Exercise
All records below are to be duplicated exactly, with every picture excluded.

Records from a data source
------------------------------------

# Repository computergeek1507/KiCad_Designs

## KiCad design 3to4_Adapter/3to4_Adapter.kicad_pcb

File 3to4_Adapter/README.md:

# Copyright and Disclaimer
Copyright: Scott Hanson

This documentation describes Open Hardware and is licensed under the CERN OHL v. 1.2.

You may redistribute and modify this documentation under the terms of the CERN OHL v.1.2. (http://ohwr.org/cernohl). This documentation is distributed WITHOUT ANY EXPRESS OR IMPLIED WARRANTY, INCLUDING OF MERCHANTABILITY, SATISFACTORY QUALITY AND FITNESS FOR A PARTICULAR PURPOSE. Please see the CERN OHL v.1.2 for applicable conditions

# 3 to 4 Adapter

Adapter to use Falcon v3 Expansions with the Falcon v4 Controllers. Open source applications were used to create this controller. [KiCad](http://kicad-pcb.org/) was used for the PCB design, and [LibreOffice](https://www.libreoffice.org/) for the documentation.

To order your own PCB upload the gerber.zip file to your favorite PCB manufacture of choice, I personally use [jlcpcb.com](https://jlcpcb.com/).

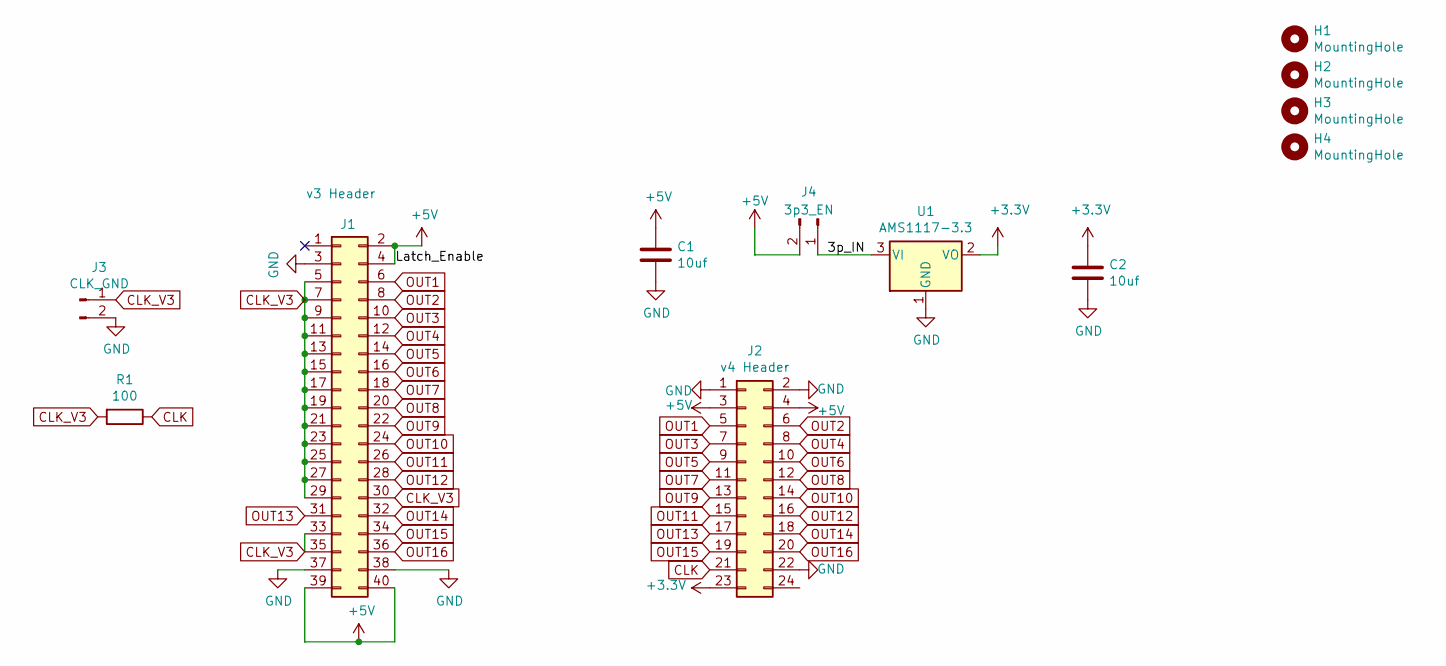
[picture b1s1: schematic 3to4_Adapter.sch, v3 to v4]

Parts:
C1, C2: 10uf; CP_Radial_D5.0mm_P2.00mm; MPN 35ZLG10MEFC5X7; Digi-Key_PN 1189-4000-ND
H1, H2, H3, H4: MountingHole; MountingHole_4.3mm_M4
J1: v3 Header; IDC-Header_2x20_P2.54mm_Vertical; MPN SBH11-PBPC-D20-ST-BK; Digi-Key_PN S9175-ND
J2: v4 Header; OST_302-S241; MPN 302-S241; Digi-Key_PN ED10525-ND
J3: CLK_GND; PinHeader_1x02_P2.54mm_Vertical; MPN 61300211121; Digi-Key_PN 732-5315-ND
J4: 3p3_EN; PinHeader_1x02_P2.54mm_Vertical; MPN 61300211121; Digi-Key_PN 732-5315-ND
R1: 100; R_Axial_DIN0207_L6.3mm_D2.5mm_P7.62mm_Horizontal; MPN CF14JT10K0; Digi-Key_PN CF14JT10K0TR-ND
U1: AMS1117-3.3; SOT-223-3_TabPin2; MPN AP2111H-3.3TRG1; Digi-Key_PN AP2111H-3.3TRG1DICT-ND

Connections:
+3V3: C2.1, J2.23, U1.2 (VO)
+5V: C1.1, J1.2, J1.4, J1.39, J1.40, J2.3, J2.4, J4.2
/3p_IN: J4.1, U1.3 (VI)
CLK: J2.21, R1.1
CLK_V3: J1.5, J1.7, J1.9, J1.11, J1.13, J1.15, J1.17, J1.19, J1.21, J1.23, J1.25, J1.27, J1.29, J1.30, J1.33, J1.35, J3.1, R1.2
GND: C1.2, C2.2, J1.3, J1.37, J1.38, J2.1, J2.2, J2.22, J3.2, U1.1 (GND)
OUT1: J1.6, J2.5
OUT2: J1.8, J2.6
OUT3: J1.10, J2.7
OUT4: J1.12, J2.8
OUT5: J1.14, J2.9
OUT6: J1.16, J2.10
OUT7: J1.18, J2.11
OUT8: J1.20, J2.12
OUT9: J1.22, J2.13
OUT10: J1.24, J2.14
OUT11: J1.26, J2.15
OUT12: J1.28, J2.16
OUT13: J1.31, J2.17
OUT14: J1.32, J2.18
OUT15: J1.34, J2.19
OUT16: J1.36, J2.20

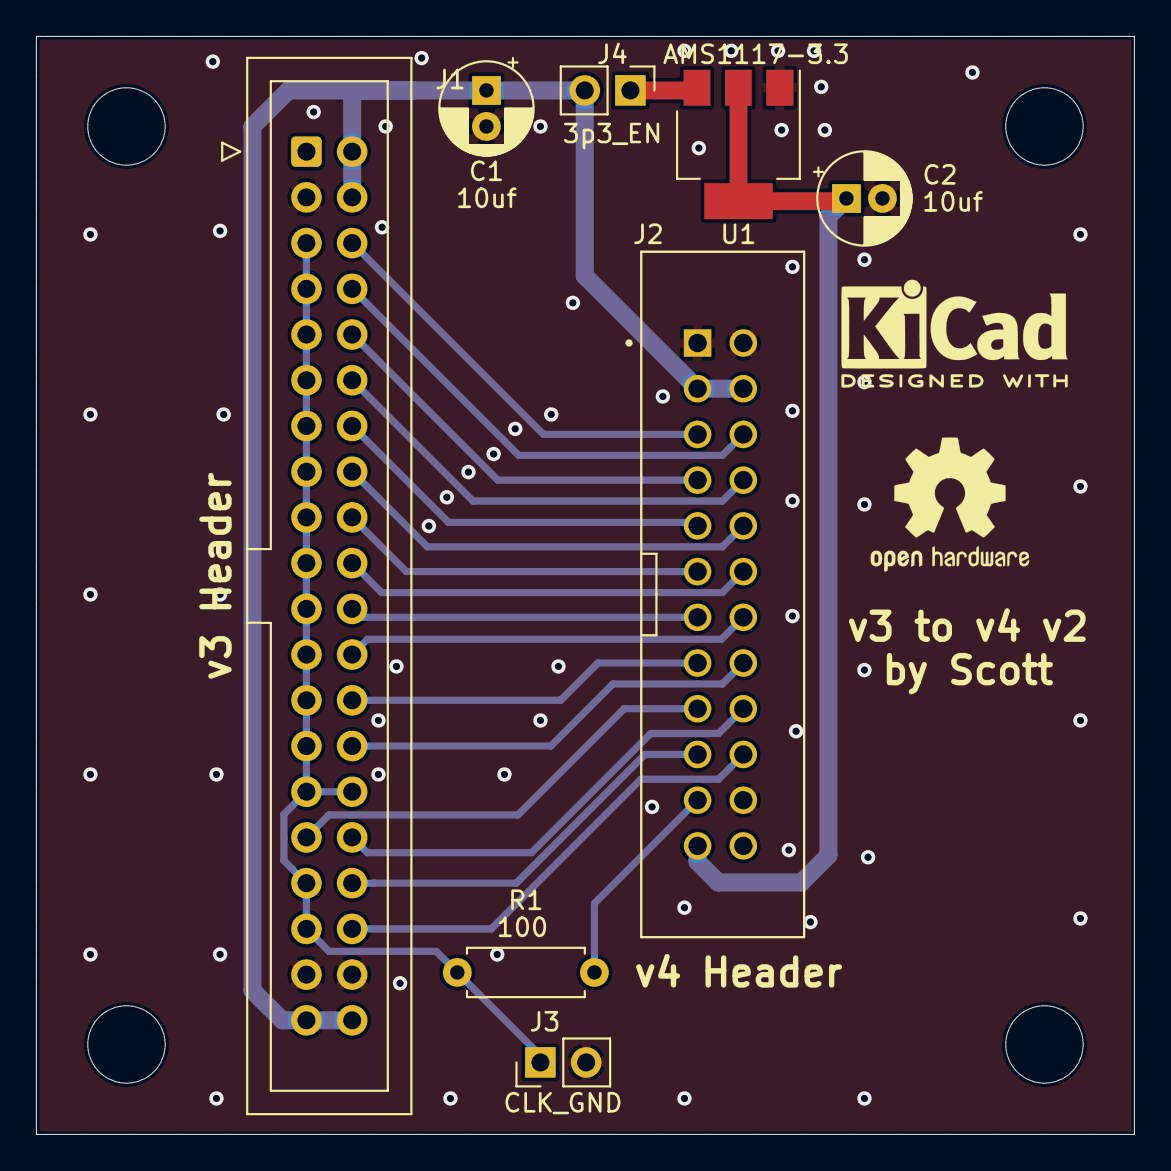
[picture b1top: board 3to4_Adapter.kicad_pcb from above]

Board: 2 copper layers, 61.0 x 61.0 mm, 12 parts (0 on the bottom side), 22 nets.

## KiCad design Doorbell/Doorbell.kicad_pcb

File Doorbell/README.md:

# Copyright and Disclaimer
Copyright: Scott Hanson

This documentation describes Open Hardware and is licensed under the CERN OHL v. 1.2.

You may redistribute and modify this documentation under the terms of the CERN OHL v.1.2. (http://ohwr.org/cernohl). This documentation is distributed WITHOUT ANY EXPRESS OR IMPLIED WARRANTY, INCLUDING OF MERCHANTABILITY, SATISFACTORY QUALITY AND FITNESS FOR A PARTICULAR PURPOSE. Please see the CERN OHL v.1.2 for applicable conditions

# Doorbell

ESP8266 Doorbell Adapter, measures doorbell switch voltage and sends notifications to openHAB. The design was made with all through hole components for easy assembly by most users. Open source applications were used to create this controller. [KiCad](http://kicad-pcb.org/) was used for the PCB design, and [LibreOffice](https://www.libreoffice.org/) for the documentation.

To order your own PCB upload the gerber.zip file to your favorite PCB manufacture of choice, I personally use [jlcpcb.com](https://jlcpcb.com/).

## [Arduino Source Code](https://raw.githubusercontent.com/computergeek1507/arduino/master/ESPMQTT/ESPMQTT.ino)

------------------------------------

Output for this exercise
# Repository computergeek1507/KiCad_Designs

## KiCad design 3to4_Adapter/3to4_Adapter.kicad_pcb

File 3to4_Adapter/README.md:

# Copyright and Disclaimer
Copyright: Scott Hanson

This documentation describes Open Hardware and is licensed under the CERN OHL v. 1.2.

You may redistribute and modify this documentation under the terms of the CERN OHL v.1.2. (http://ohwr.org/cernohl). This documentation is distributed WITHOUT ANY EXPRESS OR IMPLIED WARRANTY, INCLUDING OF MERCHANTABILITY, SATISFACTORY QUALITY AND FITNESS FOR A PARTICULAR PURPOSE. Please see the CERN OHL v.1.2 for applicable conditions

# 3 to 4 Adapter

Adapter to use Falcon v3 Expansions with the Falcon v4 Controllers. Open source applications were used to create this controller. [KiCad](http://kicad-pcb.org/) was used for the PCB design, and [LibreOffice](https://www.libreoffice.org/) for the documentation.

To order your own PCB upload the gerber.zip file to your favorite PCB manufacture of choice, I personally use [jlcpcb.com](https://jlcpcb.com/).

[picture b1s1: schematic 3to4_Adapter.sch, v3 to v4]

Parts:
C1, C2: 10uf; CP_Radial_D5.0mm_P2.00mm; MPN 35ZLG10MEFC5X7; Digi-Key_PN 1189-4000-ND
H1, H2, H3, H4: MountingHole; MountingHole_4.3mm_M4
J1: v3 Header; IDC-Header_2x20_P2.54mm_Vertical; MPN SBH11-PBPC-D20-ST-BK; Digi-Key_PN S9175-ND
J2: v4 Header; OST_302-S241; MPN 302-S241; Digi-Key_PN ED10525-ND
J3: CLK_GND; PinHeader_1x02_P2.54mm_Vertical; MPN 61300211121; Digi-Key_PN 732-5315-ND
J4: 3p3_EN; PinHeader_1x02_P2.54mm_Vertical; MPN 61300211121; Digi-Key_PN 732-5315-ND
R1: 100; R_Axial_DIN0207_L6.3mm_D2.5mm_P7.62mm_Horizontal; MPN CF14JT10K0; Digi-Key_PN CF14JT10K0TR-ND
U1: AMS1117-3.3; SOT-223-3_TabPin2; MPN AP2111H-3.3TRG1; Digi-Key_PN AP2111H-3.3TRG1DICT-ND

Connections:
+3V3: C2.1, J2.23, U1.2 (VO)
+5V: C1.1, J1.2, J1.4, J1.39, J1.40, J2.3, J2.4, J4.2
/3p_IN: J4.1, U1.3 (VI)
CLK: J2.21, R1.1
CLK_V3: J1.5, J1.7, J1.9, J1.11, J1.13, J1.15, J1.17, J1.19, J1.21, J1.23, J1.25, J1.27, J1.29, J1.30, J1.33, J1.35, J3.1, R1.2
GND: C1.2, C2.2, J1.3, J1.37, J1.38, J2.1, J2.2, J2.22, J3.2, U1.1 (GND)
OUT1: J1.6, J2.5
OUT2: J1.8, J2.6
OUT3: J1.10, J2.7
OUT4: J1.12, J2.8
OUT5: J1.14, J2.9
OUT6: J1.16, J2.10
OUT7: J1.18, J2.11
OUT8: J1.20, J2.12
OUT9: J1.22, J2.13
OUT10: J1.24, J2.14
OUT11: J1.26, J2.15
OUT12: J1.28, J2.16
OUT13: J1.31, J2.17
OUT14: J1.32, J2.18
OUT15: J1.34, J2.19
OUT16: J1.36, J2.20

[picture b1top: board 3to4_Adapter.kicad_pcb from above]

Board: 2 copper layers, 61.0 x 61.0 mm, 12 parts (0 on the bottom side), 22 nets.

## KiCad design Doorbell/Doorbell.kicad_pcb

File Doorbell/README.md:

# Copyright and Disclaimer
Copyright: Scott Hanson

This documentation describes Open Hardware and is licensed under the CERN OHL v. 1.2.

You may redistribute and modify this documentation under the terms of the CERN OHL v.1.2. (http://ohwr.org/cernohl). This documentation is distributed WITHOUT ANY EXPRESS OR IMPLIED WARRANTY, INCLUDING OF MERCHANTABILITY, SATISFACTORY QUALITY AND FITNESS FOR A PARTICULAR PURPOSE. Please see the CERN OHL v.1.2 for applicable conditions

# Doorbell

ESP8266 Doorbell Adapter, measures doorbell switch voltage and sends notifications to openHAB. The design was made with all through hole components for easy assembly by most users. Open source applications were used to create this controller. [KiCad](http://kicad-pcb.org/) was used for the PCB design, and [LibreOffice](https://www.libreoffice.org/) for the documentation.

To order your own PCB upload the gerber.zip file to your favorite PCB manufacture of choice, I personally use [jlcpcb.com](https://jlcpcb.com/).

## [Arduino Source Code](https://raw.githubusercontent.com/computergeek1507/arduino/master/ESPMQTT/ESPMQTT.ino)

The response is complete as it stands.